#3042

Easy

LeetCode Problem Workspace

Count Prefix and Suffix Pairs I

Count all index pairs where one word is both a prefix and suffix of another, using efficient array and string checks.

array string trie rolling hash string matching

Problem Statement

Given a 0-indexed array of strings words, find the total number of pairs of indices (i, j) where i != j and words[i] is both a prefix and a suffix of words[j]. Define isPrefixAndSuffix(str1, str2) to return true if str1 is a prefix and a suffix of str2.

For example, if words = ["a","aba","ababa","aa"], the pairs that satisfy isPrefixAndSuffix are counted by checking each combination. Return the total count as an integer. Constraints: 1 <= words.length <= 50, 1 <= words[i].length <= 10, and words[i] contains only lowercase letters.

Examples

Example 1

Input: words = ["a","aba","ababa","aa"]

Output: 4

In this example, the counted index pairs are: i = 0 and j = 1 because isPrefixAndSuffix("a", "aba") is true. i = 0 and j = 2 because isPrefixAndSuffix("a", "ababa") is true. i = 0 and j = 3 because isPrefixAndSuffix("a", "aa") is true. i = 1 and j = 2 because isPrefixAndSuffix("aba", "ababa") is true. Therefore, the answer is 4.

Example 2

Input: words = ["pa","papa","ma","mama"]

Output: 2

In this example, the counted index pairs are: i = 0 and j = 1 because isPrefixAndSuffix("pa", "papa") is true. i = 2 and j = 3 because isPrefixAndSuffix("ma", "mama") is true. Therefore, the answer is 2.

Example 3

Input: words = ["abab","ab"]

Output: 0

In this example, the only valid index pair is i = 0 and j = 1, and isPrefixAndSuffix("abab", "ab") is false. Therefore, the answer is 0.

Constraints

1 <= words.length <= 50
1 <= words[i].length <= 10
words[i] consists only of lowercase English letters.

Solution Approach

Naive Double Loop Check

Iterate over all index pairs (i, j) with i != j, and for each pair, check if words[i] is both a prefix and suffix of words[j] using simple string comparison. Increment a counter for each valid pair. This approach is direct and works well due to small input size.

Optimized String Matching

Use rolling hash or direct substring comparison to check the prefix and suffix conditions efficiently. Precompute string hashes if needed to avoid repeated slicing. This reduces the overhead when words have repeated patterns and leverages the array plus string pattern.

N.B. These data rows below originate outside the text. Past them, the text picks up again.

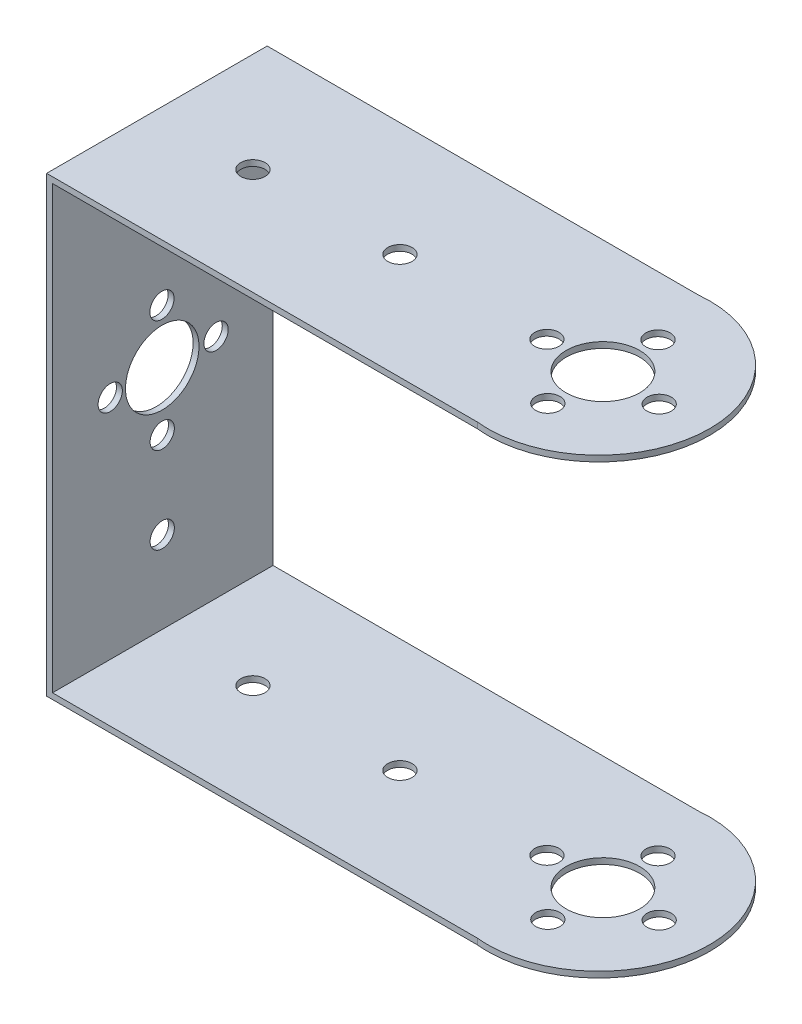
SolidWorks part; units mm, degrees
ref_plane "Front Plane" through (0, 0, 0) normal (0, 0, 1) x (1, 0, 0)
ref_plane "Top Plane" through (0, 0, 0) normal (0, 1, 0) x (1, 0, 0)
ref_plane "Right Plane" through (0, 0, 0) normal (1, 0, 0) x (0, 0, -1)
sketch "Sketch1" plane through (0, 0, 0) normal (0, 1, 0) x (1, 0, 0)
  line L1 (-39.505, -3.8119) -> (20.495, -3.8119)
  line L2 (-39.505, -3.8119) -> (-39.505, -33.8119)
  line L3 (-39.505, -33.8119) -> (20.495, -33.8119)
  line L4 (20.495, -3.8119) -> (20.495, -33.8119)
  dimension "D1" = 30
  dimension "D2" = 60
extrude "Boss-Extrude3" add sketch "Sketch1" along normal blind 0.8
sketch "Sketch4" plane through (0, 0, 0) normal (0, -1, 0) x (-1, 0, 0)
  line L0 (39.505, -3.8119) -> (39.505, -33.8119) construction
  line L1 (39.505, -33.8119) -> (38.705, -33.8119)
  line L2 (39.505, -33.8119) -> (39.505, -3.8119)
  line L3 (39.505, -3.8119) -> (38.705, -3.8119)
  line L4 (38.705, -33.8119) -> (38.705, -3.8119)
  line L5 (39.505, -33.8119) -> (-20.495, -33.8119) construction
  line L6 (-20.495, -3.8119) -> (39.505, -3.8119) construction
  dimension "D1" = 0.8
extrude "Boss-Extrude5" add sketch "Sketch4" along normal blind 30
sketch "Sketch5" plane through (0, 0, 0) normal (0, -1, 0) x (-1, 0, 0)
  line L0 (-20.6272, -3.8119) -> (-20.6272, -33.8119)
  line L1 (38.705, -33.8119) -> (-20.495, -33.8119) construction
  line L2 (-20.495, -3.8119) -> (38.705, -3.8119) construction
  ellipse E0 centre (-20.6272, -18.8119) end of major axis (-16.3413, -33.2666) minor radius 15.0457
extrude "Boss-Extrude6" add sketch "Sketch5" against normal blind 0.8
sketch "Sketch6" plane through (0, 0, 0) normal (0, -1, 0) x (-1, 0, 0)
  circle A0 centre (-21.6943, -19.3373) radius 5
  circle A1 centre (-21.6943, -26.827) radius 1.65
  circle A2 centre (-29.3496, -19.3373) radius 1.65
  circle A3 centre (-21.6943, -11.8413) radius 1.65
  circle A4 centre (-14.0798, -19.3373) radius 1.65
  circle A5 centre (5.9202, -19.3373) radius 1.65
  circle A6 centre (25.9202, -19.3373) radius 1.65
  circle A7 centre (-30.2617, -582.329) radius 5
  circle A8 centre (-37.917, -582.329) radius 1.65
  circle A9 centre (-30.2617, -574.8329) radius 1.65
  circle A10 centre (-22.6472, -582.329) radius 1.65
  circle A11 centre (-2.6472, -582.329) radius 1.65
  circle A12 centre (17.3528, -582.329) radius 1.65
  dimension "D1" = 10
  dimension "D2" = 3.3
  dimension "D3" = 3.3
  dimension "D4" = 3.3
  dimension "D5" = 3.3
  dimension "D6" = 3
  dimension "D7" = 3.3
extrude "Cut-Extrude2" cut sketch "Sketch6" against normal blind 10
mirror "Mirror1" about plane through (0, -30, 0) normal (0, -1, 0) of bodies 110
sketch "Sketch7" plane through (-38.705, 0, 0) normal (1, 0, 0) x (0, 0, -1)
  circle A0 centre (-18.8862, -29.1457) radius 5
  circle A1 centre (-18.9283, -21.7861) radius 1.65
  circle A2 centre (-11.5682, -29.1457) radius 1.65
  circle A3 centre (-18.8862, -37.099) radius 1.65
  circle A4 centre (-25.9622, -29.1457) radius 1.65
  circle A5 centre (-18.9283, -8.6704) radius 1.65
  circle A6 centre (-18.8862, -48.8352) radius 1.65
  dimension "D1" = 10
  dimension "D2" = 3.3
  dimension "D3" = 3.3
  dimension "D4" = 3.3
  dimension "D5" = 3.3
  dimension "D6" = 3.3
  dimension "D7" = 3.3
extrude "Cut-Extrude3" cut sketch "Sketch7" against normal blind 10

Trie-Based Prefix-Suffix Lookup

Build a trie storing all words for fast prefix checking and reverse trie for suffix checking. For each word, query both tries to find potential matches quickly. This method reduces redundant checks and highlights the pattern of combining array iteration with string matching structures.

Complexity Analysis

Metric	Value
Time	O(n^2 \cdot m)
Space	O(n \cdot m)

Time complexity is O(n^2 * m) because each of the n words is compared with every other word, and checking prefix and suffix takes O(m) time where m is the word length. Space complexity is O(n * m) for storing precomputed hashes or trie nodes.

What Interviewers Usually Probe

Mentions combining array iteration with string checks for prefix and suffix patterns.
Asks how to handle repeated strings efficiently in nested loops.
Looks for solutions that can leverage string structures like trie or hash maps.

Common Pitfalls or Variants

Common pitfalls

Forgetting to exclude pairs where i equals j.
Checking only prefix or only suffix instead of both simultaneously.
Not accounting for overlapping prefixes and suffixes correctly when strings are identical or nested.

Follow-up variants

Count prefix-suffix pairs with variable-length substring matching instead of full word.
Extend to allow wildcards in prefix or suffix for pattern matching.
Find all pairs in larger arrays efficiently using rolling hash or trie optimizations.

FAQ

What is the core idea behind Count Prefix and Suffix Pairs I?

The core idea is to iterate over all pairs of words and count those where one word is both a prefix and a suffix of the other, leveraging array plus string techniques.

Can we use a hash map to optimize this problem?

Yes, using a hash map to store precomputed prefixes or suffixes allows faster repeated lookups and reduces redundant string comparisons.

Is a trie necessary to solve this problem?

No, a trie is optional. Nested loops with direct string checks are sufficient for small arrays, but a trie can improve efficiency for larger inputs.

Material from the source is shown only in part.